Collected data entries
· · · · ·

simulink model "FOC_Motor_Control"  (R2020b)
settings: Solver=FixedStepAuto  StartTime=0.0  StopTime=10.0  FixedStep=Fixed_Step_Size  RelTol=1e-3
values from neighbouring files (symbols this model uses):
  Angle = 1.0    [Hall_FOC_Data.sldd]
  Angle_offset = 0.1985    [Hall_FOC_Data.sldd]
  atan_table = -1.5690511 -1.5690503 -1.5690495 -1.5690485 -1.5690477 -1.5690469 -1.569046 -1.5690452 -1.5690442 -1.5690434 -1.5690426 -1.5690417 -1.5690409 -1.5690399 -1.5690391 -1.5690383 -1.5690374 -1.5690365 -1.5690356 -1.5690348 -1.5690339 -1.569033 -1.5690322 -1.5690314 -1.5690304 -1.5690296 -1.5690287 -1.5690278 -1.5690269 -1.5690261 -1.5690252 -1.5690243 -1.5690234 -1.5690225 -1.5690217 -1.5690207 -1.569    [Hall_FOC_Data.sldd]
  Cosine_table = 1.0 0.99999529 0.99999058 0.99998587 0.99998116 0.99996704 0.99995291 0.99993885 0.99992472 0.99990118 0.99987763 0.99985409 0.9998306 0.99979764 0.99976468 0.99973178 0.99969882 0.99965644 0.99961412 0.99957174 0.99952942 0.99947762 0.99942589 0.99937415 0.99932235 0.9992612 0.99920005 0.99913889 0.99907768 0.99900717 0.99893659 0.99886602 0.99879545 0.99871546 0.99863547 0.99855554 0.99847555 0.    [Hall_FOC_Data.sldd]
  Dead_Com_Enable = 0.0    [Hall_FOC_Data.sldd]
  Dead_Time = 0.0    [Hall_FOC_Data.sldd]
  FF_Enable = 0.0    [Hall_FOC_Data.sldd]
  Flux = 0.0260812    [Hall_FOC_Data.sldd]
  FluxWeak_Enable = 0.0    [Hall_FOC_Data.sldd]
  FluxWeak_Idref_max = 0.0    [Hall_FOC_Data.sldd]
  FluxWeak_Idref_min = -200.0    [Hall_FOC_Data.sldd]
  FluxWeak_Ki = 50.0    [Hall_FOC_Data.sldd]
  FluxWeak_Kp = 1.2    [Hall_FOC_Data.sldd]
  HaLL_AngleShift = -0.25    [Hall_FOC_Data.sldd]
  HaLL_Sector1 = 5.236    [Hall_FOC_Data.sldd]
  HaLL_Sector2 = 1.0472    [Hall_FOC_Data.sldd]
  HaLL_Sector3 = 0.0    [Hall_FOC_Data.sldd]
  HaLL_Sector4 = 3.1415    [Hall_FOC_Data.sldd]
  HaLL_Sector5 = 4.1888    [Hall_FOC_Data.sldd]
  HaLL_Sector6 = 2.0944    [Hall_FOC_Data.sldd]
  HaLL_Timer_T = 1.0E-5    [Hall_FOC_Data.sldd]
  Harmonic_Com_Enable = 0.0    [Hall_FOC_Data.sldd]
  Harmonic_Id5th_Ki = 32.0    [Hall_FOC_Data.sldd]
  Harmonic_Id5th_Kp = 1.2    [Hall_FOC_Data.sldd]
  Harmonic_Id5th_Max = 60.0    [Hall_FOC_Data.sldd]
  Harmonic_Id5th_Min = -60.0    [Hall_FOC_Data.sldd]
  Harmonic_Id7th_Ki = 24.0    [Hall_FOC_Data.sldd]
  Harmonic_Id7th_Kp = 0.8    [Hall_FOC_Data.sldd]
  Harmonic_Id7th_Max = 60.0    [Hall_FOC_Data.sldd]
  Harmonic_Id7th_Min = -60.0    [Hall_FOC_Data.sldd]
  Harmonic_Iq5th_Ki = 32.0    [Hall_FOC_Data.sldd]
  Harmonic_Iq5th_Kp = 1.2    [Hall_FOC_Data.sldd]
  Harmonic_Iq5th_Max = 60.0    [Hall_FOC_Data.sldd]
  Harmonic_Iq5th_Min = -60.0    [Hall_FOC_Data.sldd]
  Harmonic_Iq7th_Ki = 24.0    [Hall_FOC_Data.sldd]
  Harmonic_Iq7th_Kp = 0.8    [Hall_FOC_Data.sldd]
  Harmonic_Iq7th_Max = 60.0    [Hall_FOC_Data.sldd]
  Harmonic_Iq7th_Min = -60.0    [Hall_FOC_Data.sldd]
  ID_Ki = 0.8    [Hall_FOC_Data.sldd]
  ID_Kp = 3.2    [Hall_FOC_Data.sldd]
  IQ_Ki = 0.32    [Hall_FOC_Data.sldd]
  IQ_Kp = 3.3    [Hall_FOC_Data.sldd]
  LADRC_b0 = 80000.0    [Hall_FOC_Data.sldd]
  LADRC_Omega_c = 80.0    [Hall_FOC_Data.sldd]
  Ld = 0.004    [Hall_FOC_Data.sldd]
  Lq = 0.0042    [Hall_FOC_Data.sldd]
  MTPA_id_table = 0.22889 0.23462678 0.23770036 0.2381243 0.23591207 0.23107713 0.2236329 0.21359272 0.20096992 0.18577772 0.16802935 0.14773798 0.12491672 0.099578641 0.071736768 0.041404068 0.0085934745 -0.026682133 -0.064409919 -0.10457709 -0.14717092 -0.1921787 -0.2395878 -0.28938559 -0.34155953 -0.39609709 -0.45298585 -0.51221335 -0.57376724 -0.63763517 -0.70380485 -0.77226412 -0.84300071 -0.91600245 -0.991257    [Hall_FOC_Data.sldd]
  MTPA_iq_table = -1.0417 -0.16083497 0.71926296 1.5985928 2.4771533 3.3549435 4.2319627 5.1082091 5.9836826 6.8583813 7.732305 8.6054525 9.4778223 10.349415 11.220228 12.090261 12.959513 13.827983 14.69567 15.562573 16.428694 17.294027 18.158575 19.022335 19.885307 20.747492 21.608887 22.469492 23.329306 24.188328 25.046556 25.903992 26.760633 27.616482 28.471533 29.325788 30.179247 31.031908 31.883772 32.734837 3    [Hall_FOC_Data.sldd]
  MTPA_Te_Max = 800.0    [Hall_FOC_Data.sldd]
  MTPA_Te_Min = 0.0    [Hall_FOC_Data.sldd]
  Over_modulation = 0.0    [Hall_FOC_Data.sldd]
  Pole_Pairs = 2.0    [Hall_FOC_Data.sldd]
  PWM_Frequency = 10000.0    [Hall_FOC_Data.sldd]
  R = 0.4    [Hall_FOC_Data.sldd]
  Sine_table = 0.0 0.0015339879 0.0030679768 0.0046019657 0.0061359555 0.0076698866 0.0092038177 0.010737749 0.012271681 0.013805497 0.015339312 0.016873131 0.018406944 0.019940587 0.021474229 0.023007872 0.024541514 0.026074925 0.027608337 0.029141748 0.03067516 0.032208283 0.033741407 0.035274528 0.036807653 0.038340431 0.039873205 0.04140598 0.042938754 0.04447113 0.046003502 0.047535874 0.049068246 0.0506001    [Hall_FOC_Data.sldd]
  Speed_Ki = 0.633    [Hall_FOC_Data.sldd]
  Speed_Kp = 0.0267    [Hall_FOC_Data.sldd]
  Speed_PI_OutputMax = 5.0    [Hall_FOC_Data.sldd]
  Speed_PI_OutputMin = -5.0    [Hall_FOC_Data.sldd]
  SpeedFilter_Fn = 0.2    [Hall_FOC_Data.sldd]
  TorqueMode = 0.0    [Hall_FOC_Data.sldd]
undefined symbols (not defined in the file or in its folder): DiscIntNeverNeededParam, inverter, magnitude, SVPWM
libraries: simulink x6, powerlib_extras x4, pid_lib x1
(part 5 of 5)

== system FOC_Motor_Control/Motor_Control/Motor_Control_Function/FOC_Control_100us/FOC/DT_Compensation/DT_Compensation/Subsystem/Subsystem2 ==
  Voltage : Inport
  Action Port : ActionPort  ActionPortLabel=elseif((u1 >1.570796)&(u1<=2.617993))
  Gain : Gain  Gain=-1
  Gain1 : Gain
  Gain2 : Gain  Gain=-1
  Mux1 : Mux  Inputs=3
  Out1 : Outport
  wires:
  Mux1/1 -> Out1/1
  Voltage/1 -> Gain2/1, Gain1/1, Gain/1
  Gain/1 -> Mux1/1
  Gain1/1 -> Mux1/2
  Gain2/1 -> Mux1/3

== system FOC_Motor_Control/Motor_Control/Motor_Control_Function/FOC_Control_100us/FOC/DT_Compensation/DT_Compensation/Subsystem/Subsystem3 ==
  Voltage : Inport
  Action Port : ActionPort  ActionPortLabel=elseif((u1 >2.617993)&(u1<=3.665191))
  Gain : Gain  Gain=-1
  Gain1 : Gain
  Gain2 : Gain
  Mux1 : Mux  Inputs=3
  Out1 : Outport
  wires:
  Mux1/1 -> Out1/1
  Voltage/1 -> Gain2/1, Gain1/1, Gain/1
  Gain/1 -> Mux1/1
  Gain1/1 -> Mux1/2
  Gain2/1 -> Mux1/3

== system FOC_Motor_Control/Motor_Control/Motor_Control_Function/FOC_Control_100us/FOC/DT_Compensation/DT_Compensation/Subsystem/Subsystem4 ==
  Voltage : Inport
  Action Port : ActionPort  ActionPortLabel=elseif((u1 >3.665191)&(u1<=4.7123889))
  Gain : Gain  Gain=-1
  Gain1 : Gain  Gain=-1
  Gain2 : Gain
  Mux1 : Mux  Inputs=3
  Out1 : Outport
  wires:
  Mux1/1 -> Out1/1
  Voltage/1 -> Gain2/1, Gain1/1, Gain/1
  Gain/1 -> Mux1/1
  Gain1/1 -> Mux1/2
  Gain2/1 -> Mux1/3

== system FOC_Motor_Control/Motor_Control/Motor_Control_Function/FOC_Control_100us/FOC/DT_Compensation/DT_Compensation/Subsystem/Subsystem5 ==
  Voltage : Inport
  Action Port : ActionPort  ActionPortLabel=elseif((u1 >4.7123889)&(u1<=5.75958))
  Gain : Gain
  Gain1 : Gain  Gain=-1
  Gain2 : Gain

· · · · ·

◆ **Work instruction**: Would you output, from the records above, exactly the run of lines that starts at the line containing "HaLL_Sector1 = 5.236" and ends at the line containing "Lq = 0.0042", and only that run?

◆ **Finished exercise**:
  HaLL_Sector1 = 5.236    [Hall_FOC_Data.sldd]
  HaLL_Sector2 = 1.0472    [Hall_FOC_Data.sldd]
  HaLL_Sector3 = 0.0    [Hall_FOC_Data.sldd]
  HaLL_Sector4 = 3.1415    [Hall_FOC_Data.sldd]
  HaLL_Sector5 = 4.1888    [Hall_FOC_Data.sldd]
  HaLL_Sector6 = 2.0944    [Hall_FOC_Data.sldd]
  HaLL_Timer_T = 1.0E-5    [Hall_FOC_Data.sldd]
  Harmonic_Com_Enable = 0.0    [Hall_FOC_Data.sldd]
  Harmonic_Id5th_Ki = 32.0    [Hall_FOC_Data.sldd]
  Harmonic_Id5th_Kp = 1.2    [Hall_FOC_Data.sldd]
  Harmonic_Id5th_Max = 60.0    [Hall_FOC_Data.sldd]
  Harmonic_Id5th_Min = -60.0    [Hall_FOC_Data.sldd]
  Harmonic_Id7th_Ki = 24.0    [Hall_FOC_Data.sldd]
  Harmonic_Id7th_Kp = 0.8    [Hall_FOC_Data.sldd]
  Harmonic_Id7th_Max = 60.0    [Hall_FOC_Data.sldd]
  Harmonic_Id7th_Min = -60.0    [Hall_FOC_Data.sldd]
  Harmonic_Iq5th_Ki = 32.0    [Hall_FOC_Data.sldd]
  Harmonic_Iq5th_Kp = 1.2    [Hall_FOC_Data.sldd]
  Harmonic_Iq5th_Max = 60.0    [Hall_FOC_Data.sldd]
  Harmonic_Iq5th_Min = -60.0    [Hall_FOC_Data.sldd]
  Harmonic_Iq7th_Ki = 24.0    [Hall_FOC_Data.sldd]
  Harmonic_Iq7th_Kp = 0.8    [Hall_FOC_Data.sldd]
  Harmonic_Iq7th_Max = 60.0    [Hall_FOC_Data.sldd]
  Harmonic_Iq7th_Min = -60.0    [Hall_FOC_Data.sldd]
  ID_Ki = 0.8    [Hall_FOC_Data.sldd]
  ID_Kp = 3.2    [Hall_FOC_Data.sldd]
  IQ_Ki = 0.32    [Hall_FOC_Data.sldd]
  IQ_Kp = 3.3    [Hall_FOC_Data.sldd]
  LADRC_b0 = 80000.0    [Hall_FOC_Data.sldd]
  LADRC_Omega_c = 80.0    [Hall_FOC_Data.sldd]
  Ld = 0.004    [Hall_FOC_Data.sldd]
  Lq = 0.0042    [Hall_FOC_Data.sldd]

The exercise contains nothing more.